In organic chemistry, understanding functional groups is crucial as they determine the types of chemical reactions the molecule can undergo. They also help in classifying compounds based on their chemical behaviors.

Aromatic Compounds

Aromatic compounds are a unique class of organic molecules characterized by their ring-like structure with delocalized π-electrons. Benzene is the most common example, featuring a six-carbon ring with alternating double bonds, known as an aromatic ring.

These compounds are identified by:

• Cyclic structure: Must be a stable ring.
• Planar: All atoms in the ring lie in the same plane.
• Conjugated system: Have p-orbitals that overlap, allowing the delocalization of π-electrons across the ring.
• Adherence to Huckel's Rule: For aromatic stability, a compound must have \(4n+2\) π-electrons (where \(n\) is a non-negative integer).

Aromaticity imparts several key properties such as enhanced stability compared to similar non-aromatic rings, which is why benzene rings make a frequent appearance in various chemical compounds.

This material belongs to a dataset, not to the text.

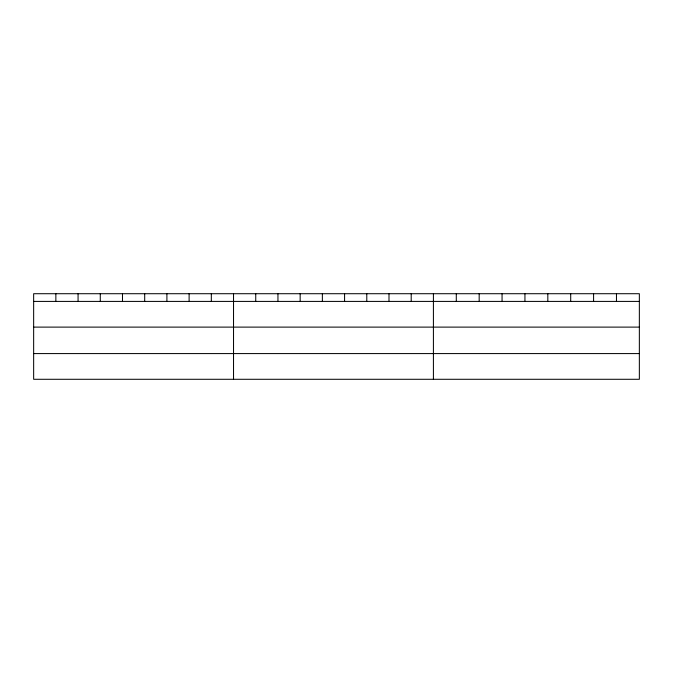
<?xml version="1.0" encoding="UTF-8"?>
<svg xmlns="http://www.w3.org/2000/svg" width="673" height="673" viewBox="0 0 673 673"><rect width="100%" height="100%" fill="white"/><g stroke="black" fill="none" stroke-linecap="round" stroke-linejoin="round"><path stroke-width="1.01" d="M639.35 327.112L639.35 293.714L33.65 293.714L33.65 379.286L639.35 379.286L639.35 327.112L33.65 327.112M33.65 301.411L639.35 301.411M33.65 353.586L639.35 353.586M616.468 293.714L616.468 301.411M593.586 293.714L593.586 301.411M570.704 293.714L570.704 301.411M547.822 293.714L547.822 301.411M524.94 293.714L524.94 301.411M502.058 293.714L502.058 301.411M479.176 293.714L479.176 301.411M456.294 293.714L456.294 301.411M433.412 293.714L433.412 379.286M411.203 293.714L411.203 301.411M388.994 293.714L388.994 301.411M366.785 293.714L366.785 301.411M344.576 293.714L344.576 301.411M322.367 293.714L322.367 301.411M300.158 293.714L300.158 301.411M277.949 293.714L277.949 301.411M255.74 293.714L255.74 301.411M233.531 293.714L233.531 379.286M211.322 293.714L211.322 301.411M189.113 293.714L189.113 301.411M166.904 293.714L166.904 301.411M144.695 293.714L144.695 301.411M122.486 293.714L122.486 301.411M100.277 293.714L100.277 301.411M78.068 293.714L78.068 301.411M55.859 293.714L55.859 301.411"/></g></svg>

In practice, aromatic compounds (also referred to as arenes) can participate in substitutions such as electrophilic aromatic substitution reactions, where conjugation within the ring plays a pivotal role in determining reaction routes and rates. Understanding their structure and properties is vital for applications ranging from medicine to materials science.